ASSIGNMENT ::
Quote exactly and only this range of lines in the data below: the line that holds "[picture b2s1: schematic" to the line that holds "J3.9, L2.2, U6.1", both included.

Data records:

┄┄┄┄┄┄┄┄┄┄┄┄┄┄┄┄┄┄┄┄

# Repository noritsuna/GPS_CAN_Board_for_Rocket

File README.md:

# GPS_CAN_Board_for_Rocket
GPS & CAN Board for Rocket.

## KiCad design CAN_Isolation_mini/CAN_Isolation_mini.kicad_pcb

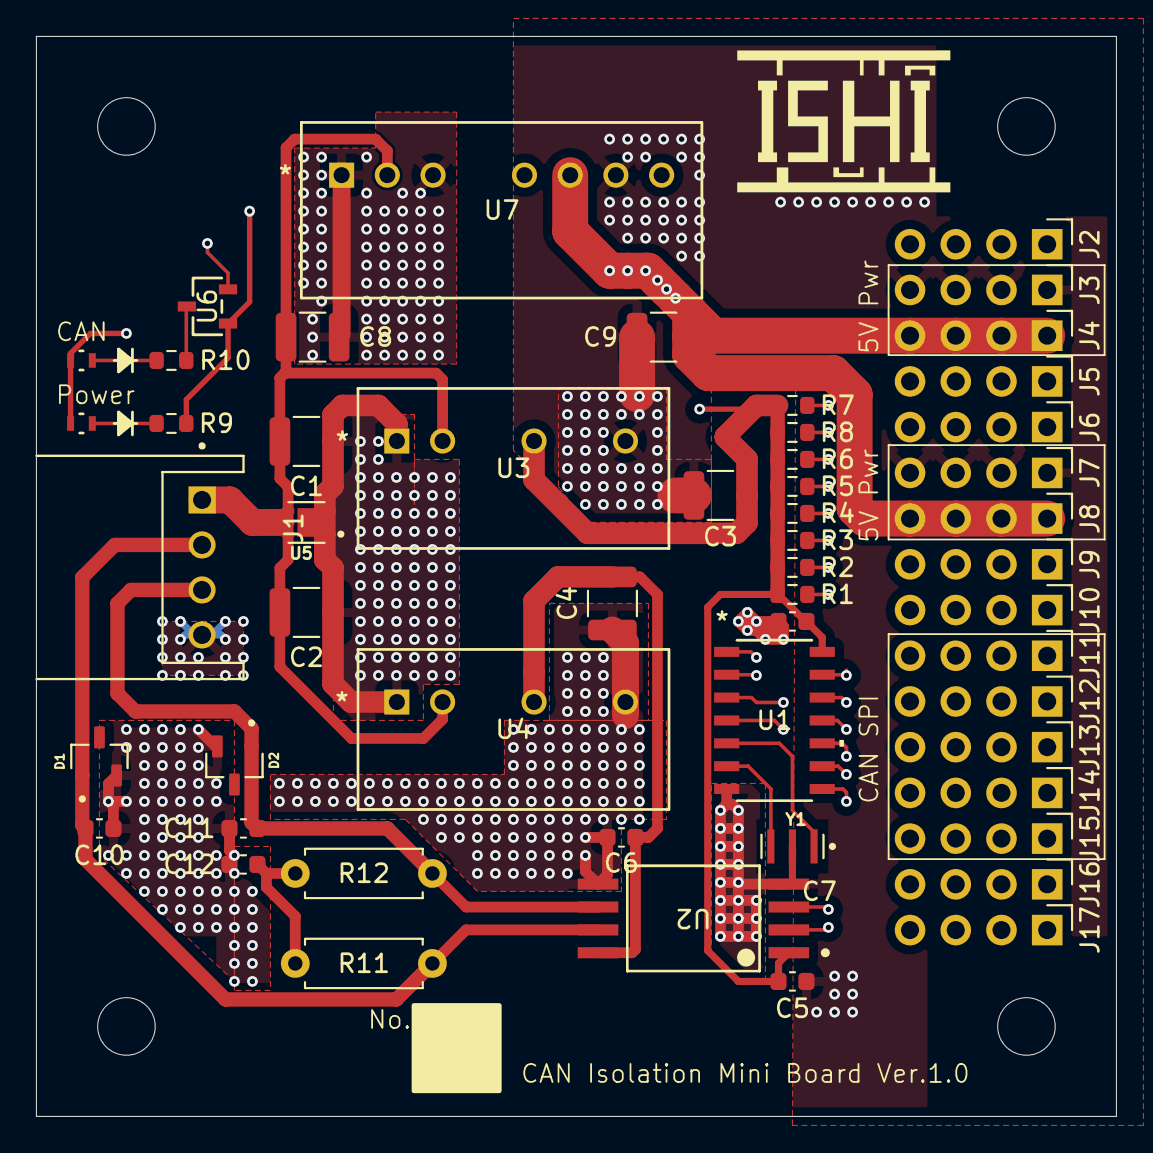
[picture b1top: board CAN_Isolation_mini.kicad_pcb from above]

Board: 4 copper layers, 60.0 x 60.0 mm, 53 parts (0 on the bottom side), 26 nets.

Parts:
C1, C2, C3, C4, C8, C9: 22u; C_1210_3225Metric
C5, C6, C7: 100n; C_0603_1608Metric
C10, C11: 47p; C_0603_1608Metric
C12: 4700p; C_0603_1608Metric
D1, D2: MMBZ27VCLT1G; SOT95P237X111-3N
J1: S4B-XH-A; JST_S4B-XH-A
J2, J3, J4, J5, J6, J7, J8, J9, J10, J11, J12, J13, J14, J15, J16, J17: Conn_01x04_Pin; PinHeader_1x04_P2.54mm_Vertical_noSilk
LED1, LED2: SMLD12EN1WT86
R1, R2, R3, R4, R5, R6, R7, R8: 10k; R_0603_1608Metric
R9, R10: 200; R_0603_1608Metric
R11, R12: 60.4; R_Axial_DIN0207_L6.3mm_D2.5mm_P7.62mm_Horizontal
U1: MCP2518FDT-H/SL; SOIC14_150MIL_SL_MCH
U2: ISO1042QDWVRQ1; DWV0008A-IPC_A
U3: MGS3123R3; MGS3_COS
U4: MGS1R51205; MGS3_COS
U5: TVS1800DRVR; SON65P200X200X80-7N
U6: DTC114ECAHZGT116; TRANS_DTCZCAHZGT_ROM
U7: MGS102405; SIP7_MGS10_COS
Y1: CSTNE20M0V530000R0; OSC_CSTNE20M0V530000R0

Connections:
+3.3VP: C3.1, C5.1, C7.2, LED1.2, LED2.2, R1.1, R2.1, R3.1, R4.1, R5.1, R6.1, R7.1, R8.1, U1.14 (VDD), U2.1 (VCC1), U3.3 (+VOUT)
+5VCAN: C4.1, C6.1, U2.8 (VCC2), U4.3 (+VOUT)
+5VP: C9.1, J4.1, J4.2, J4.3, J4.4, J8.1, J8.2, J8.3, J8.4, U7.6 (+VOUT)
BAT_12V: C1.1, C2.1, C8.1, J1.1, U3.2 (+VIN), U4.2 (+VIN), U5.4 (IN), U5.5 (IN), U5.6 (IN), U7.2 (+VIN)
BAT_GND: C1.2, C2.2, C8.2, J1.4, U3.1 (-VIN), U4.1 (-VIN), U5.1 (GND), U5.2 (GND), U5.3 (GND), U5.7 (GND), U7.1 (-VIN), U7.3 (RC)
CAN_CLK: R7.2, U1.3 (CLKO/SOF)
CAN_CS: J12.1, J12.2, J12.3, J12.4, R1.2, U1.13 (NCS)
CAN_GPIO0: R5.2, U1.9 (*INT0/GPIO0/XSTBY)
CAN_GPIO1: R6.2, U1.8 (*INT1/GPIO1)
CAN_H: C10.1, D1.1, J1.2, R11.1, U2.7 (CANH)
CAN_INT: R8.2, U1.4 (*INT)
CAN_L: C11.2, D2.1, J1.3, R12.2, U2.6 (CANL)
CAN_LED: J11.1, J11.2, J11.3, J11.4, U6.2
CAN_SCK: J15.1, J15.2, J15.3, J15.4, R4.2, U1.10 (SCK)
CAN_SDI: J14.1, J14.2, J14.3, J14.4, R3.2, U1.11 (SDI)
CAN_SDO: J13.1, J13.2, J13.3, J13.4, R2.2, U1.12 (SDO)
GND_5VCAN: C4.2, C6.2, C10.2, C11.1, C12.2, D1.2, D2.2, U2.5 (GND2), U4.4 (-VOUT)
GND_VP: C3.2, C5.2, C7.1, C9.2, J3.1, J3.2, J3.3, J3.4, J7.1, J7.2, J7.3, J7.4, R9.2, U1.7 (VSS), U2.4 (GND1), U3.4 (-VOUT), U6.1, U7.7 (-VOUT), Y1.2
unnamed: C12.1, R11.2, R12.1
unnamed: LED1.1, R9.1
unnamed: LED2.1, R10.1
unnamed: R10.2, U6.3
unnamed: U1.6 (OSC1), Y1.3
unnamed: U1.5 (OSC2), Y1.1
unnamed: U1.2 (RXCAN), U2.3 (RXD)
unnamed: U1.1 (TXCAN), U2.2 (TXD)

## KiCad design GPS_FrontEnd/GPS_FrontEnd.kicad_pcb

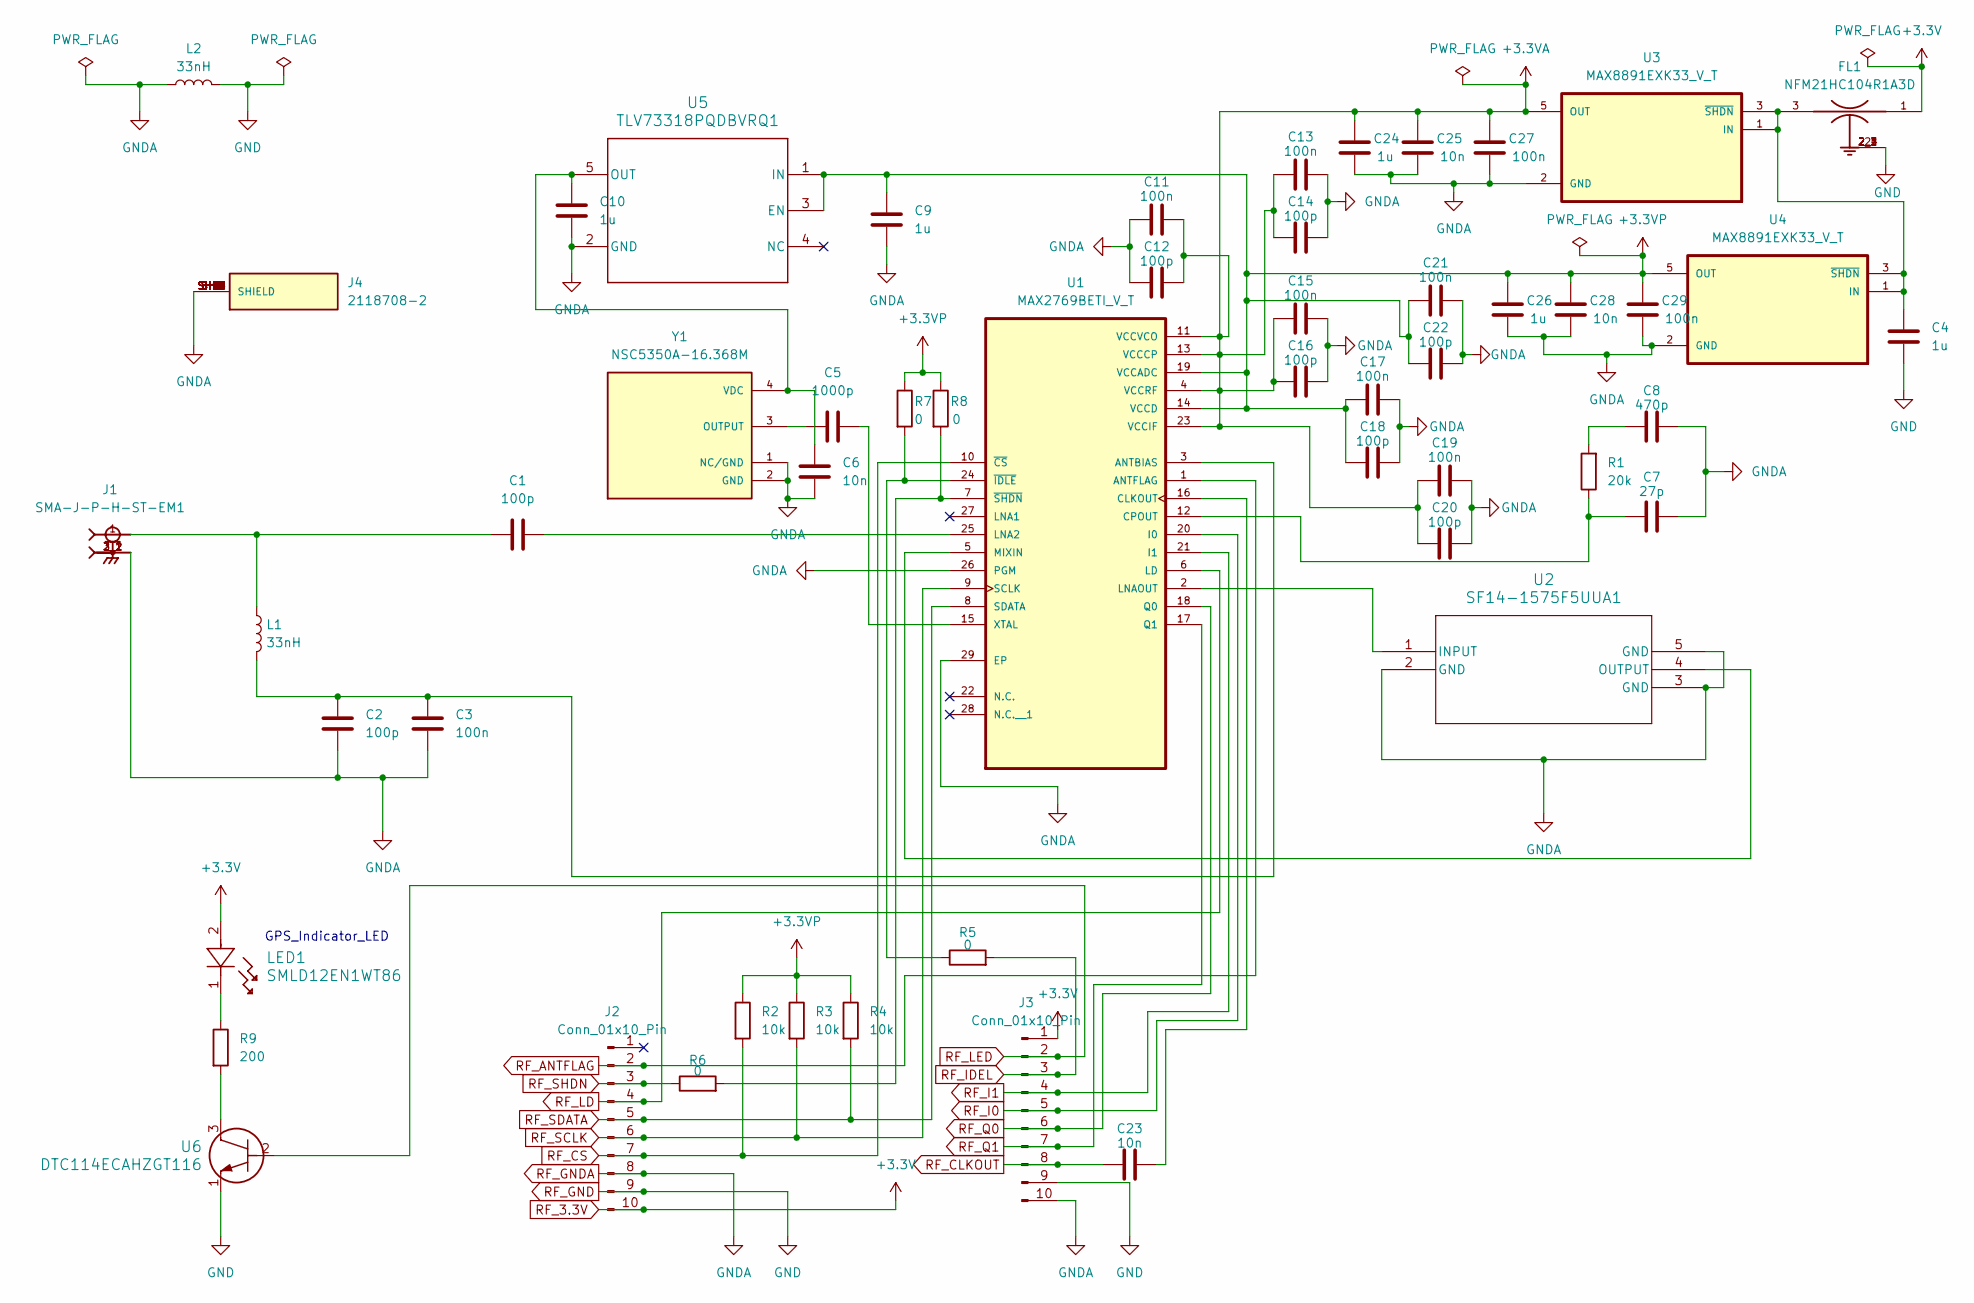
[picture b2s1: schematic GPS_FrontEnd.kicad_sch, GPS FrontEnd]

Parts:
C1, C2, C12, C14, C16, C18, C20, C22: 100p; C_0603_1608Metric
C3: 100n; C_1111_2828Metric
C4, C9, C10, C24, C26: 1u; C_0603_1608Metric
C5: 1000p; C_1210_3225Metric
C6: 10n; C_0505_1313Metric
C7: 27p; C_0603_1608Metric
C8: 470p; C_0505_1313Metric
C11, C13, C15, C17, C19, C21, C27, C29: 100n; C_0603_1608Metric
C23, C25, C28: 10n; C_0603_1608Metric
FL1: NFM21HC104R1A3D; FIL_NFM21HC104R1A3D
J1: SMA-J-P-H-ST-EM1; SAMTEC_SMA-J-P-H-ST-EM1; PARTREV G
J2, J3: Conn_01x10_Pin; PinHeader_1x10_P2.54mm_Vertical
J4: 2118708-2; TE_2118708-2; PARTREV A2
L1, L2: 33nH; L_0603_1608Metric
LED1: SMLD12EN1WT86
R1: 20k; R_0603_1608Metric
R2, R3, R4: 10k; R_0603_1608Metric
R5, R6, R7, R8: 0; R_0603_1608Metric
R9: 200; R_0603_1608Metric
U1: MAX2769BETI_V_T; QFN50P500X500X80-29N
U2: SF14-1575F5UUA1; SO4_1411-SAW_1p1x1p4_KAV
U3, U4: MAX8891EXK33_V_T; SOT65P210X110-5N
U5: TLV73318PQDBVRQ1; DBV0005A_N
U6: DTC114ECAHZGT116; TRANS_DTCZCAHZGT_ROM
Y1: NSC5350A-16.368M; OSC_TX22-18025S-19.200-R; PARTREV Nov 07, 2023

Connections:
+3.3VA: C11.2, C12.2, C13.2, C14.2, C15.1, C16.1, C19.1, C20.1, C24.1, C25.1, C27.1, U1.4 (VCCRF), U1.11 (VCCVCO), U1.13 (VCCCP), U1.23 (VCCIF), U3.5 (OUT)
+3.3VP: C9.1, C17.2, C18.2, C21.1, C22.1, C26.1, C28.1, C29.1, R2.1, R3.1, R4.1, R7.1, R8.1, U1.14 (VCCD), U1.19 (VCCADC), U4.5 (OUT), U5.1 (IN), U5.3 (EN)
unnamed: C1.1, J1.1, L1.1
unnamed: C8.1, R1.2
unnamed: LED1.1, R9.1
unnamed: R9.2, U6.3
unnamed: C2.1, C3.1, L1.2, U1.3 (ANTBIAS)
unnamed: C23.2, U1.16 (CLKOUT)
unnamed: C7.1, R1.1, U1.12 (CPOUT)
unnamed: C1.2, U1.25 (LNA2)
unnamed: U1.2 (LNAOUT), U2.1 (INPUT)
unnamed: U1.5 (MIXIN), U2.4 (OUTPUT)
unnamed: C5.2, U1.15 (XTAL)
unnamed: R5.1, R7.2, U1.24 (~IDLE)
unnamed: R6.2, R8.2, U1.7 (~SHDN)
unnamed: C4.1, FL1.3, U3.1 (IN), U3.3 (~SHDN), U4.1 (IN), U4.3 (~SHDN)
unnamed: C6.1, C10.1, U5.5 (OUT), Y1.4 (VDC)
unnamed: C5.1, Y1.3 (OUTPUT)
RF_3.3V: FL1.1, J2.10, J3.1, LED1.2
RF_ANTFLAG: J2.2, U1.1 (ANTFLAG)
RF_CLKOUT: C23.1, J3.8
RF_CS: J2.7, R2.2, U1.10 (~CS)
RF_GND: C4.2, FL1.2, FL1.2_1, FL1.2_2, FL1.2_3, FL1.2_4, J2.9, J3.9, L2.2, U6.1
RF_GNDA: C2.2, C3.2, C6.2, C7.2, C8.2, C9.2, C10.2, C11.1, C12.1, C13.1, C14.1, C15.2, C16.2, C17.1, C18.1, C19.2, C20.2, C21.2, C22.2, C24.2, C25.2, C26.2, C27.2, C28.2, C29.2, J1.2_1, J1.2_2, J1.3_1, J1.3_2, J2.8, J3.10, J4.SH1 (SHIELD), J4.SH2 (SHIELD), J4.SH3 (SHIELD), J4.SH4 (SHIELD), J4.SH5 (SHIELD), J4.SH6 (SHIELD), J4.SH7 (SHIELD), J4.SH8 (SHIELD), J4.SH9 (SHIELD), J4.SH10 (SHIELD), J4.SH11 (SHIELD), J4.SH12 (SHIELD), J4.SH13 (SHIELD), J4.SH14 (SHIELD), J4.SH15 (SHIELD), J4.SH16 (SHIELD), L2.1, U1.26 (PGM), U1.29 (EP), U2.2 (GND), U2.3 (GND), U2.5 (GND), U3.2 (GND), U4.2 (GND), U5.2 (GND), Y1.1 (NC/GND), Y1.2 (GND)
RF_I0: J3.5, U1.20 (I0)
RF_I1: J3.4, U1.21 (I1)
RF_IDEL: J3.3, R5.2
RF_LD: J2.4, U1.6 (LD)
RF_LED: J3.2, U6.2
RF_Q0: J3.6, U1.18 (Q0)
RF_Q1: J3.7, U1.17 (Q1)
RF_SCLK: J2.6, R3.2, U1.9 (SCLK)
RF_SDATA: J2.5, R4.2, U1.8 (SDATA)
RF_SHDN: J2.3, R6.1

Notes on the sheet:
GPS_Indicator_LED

┄┄┄┄┄┄┄┄┄┄┄┄┄┄┄┄┄┄┄┄

PROBLEM SOLUTION ::
[picture b2s1: schematic GPS_FrontEnd.kicad_sch, GPS FrontEnd]

Parts:
C1, C2, C12, C14, C16, C18, C20, C22: 100p; C_0603_1608Metric
C3: 100n; C_1111_2828Metric
C4, C9, C10, C24, C26: 1u; C_0603_1608Metric
C5: 1000p; C_1210_3225Metric
C6: 10n; C_0505_1313Metric
C7: 27p; C_0603_1608Metric
C8: 470p; C_0505_1313Metric
C11, C13, C15, C17, C19, C21, C27, C29: 100n; C_0603_1608Metric
C23, C25, C28: 10n; C_0603_1608Metric
FL1: NFM21HC104R1A3D; FIL_NFM21HC104R1A3D
J1: SMA-J-P-H-ST-EM1; SAMTEC_SMA-J-P-H-ST-EM1; PARTREV G
J2, J3: Conn_01x10_Pin; PinHeader_1x10_P2.54mm_Vertical
J4: 2118708-2; TE_2118708-2; PARTREV A2
L1, L2: 33nH; L_0603_1608Metric
LED1: SMLD12EN1WT86
R1: 20k; R_0603_1608Metric
R2, R3, R4: 10k; R_0603_1608Metric
R5, R6, R7, R8: 0; R_0603_1608Metric
R9: 200; R_0603_1608Metric
U1: MAX2769BETI_V_T; QFN50P500X500X80-29N
U2: SF14-1575F5UUA1; SO4_1411-SAW_1p1x1p4_KAV
U3, U4: MAX8891EXK33_V_T; SOT65P210X110-5N
U5: TLV73318PQDBVRQ1; DBV0005A_N
U6: DTC114ECAHZGT116; TRANS_DTCZCAHZGT_ROM
Y1: NSC5350A-16.368M; OSC_TX22-18025S-19.200-R; PARTREV Nov 07, 2023

Connections:
+3.3VA: C11.2, C12.2, C13.2, C14.2, C15.1, C16.1, C19.1, C20.1, C24.1, C25.1, C27.1, U1.4 (VCCRF), U1.11 (VCCVCO), U1.13 (VCCCP), U1.23 (VCCIF), U3.5 (OUT)
+3.3VP: C9.1, C17.2, C18.2, C21.1, C22.1, C26.1, C28.1, C29.1, R2.1, R3.1, R4.1, R7.1, R8.1, U1.14 (VCCD), U1.19 (VCCADC), U4.5 (OUT), U5.1 (IN), U5.3 (EN)
unnamed: C1.1, J1.1, L1.1
unnamed: C8.1, R1.2
unnamed: LED1.1, R9.1
unnamed: R9.2, U6.3
unnamed: C2.1, C3.1, L1.2, U1.3 (ANTBIAS)
unnamed: C23.2, U1.16 (CLKOUT)
unnamed: C7.1, R1.1, U1.12 (CPOUT)
unnamed: C1.2, U1.25 (LNA2)
unnamed: U1.2 (LNAOUT), U2.1 (INPUT)
unnamed: U1.5 (MIXIN), U2.4 (OUTPUT)
unnamed: C5.2, U1.15 (XTAL)
unnamed: R5.1, R7.2, U1.24 (~IDLE)
unnamed: R6.2, R8.2, U1.7 (~SHDN)
unnamed: C4.1, FL1.3, U3.1 (IN), U3.3 (~SHDN), U4.1 (IN), U4.3 (~SHDN)
unnamed: C6.1, C10.1, U5.5 (OUT), Y1.4 (VDC)
unnamed: C5.1, Y1.3 (OUTPUT)
RF_3.3V: FL1.1, J2.10, J3.1, LED1.2
RF_ANTFLAG: J2.2, U1.1 (ANTFLAG)
RF_CLKOUT: C23.1, J3.8
RF_CS: J2.7, R2.2, U1.10 (~CS)
RF_GND: C4.2, FL1.2, FL1.2_1, FL1.2_2, FL1.2_3, FL1.2_4, J2.9, J3.9, L2.2, U6.1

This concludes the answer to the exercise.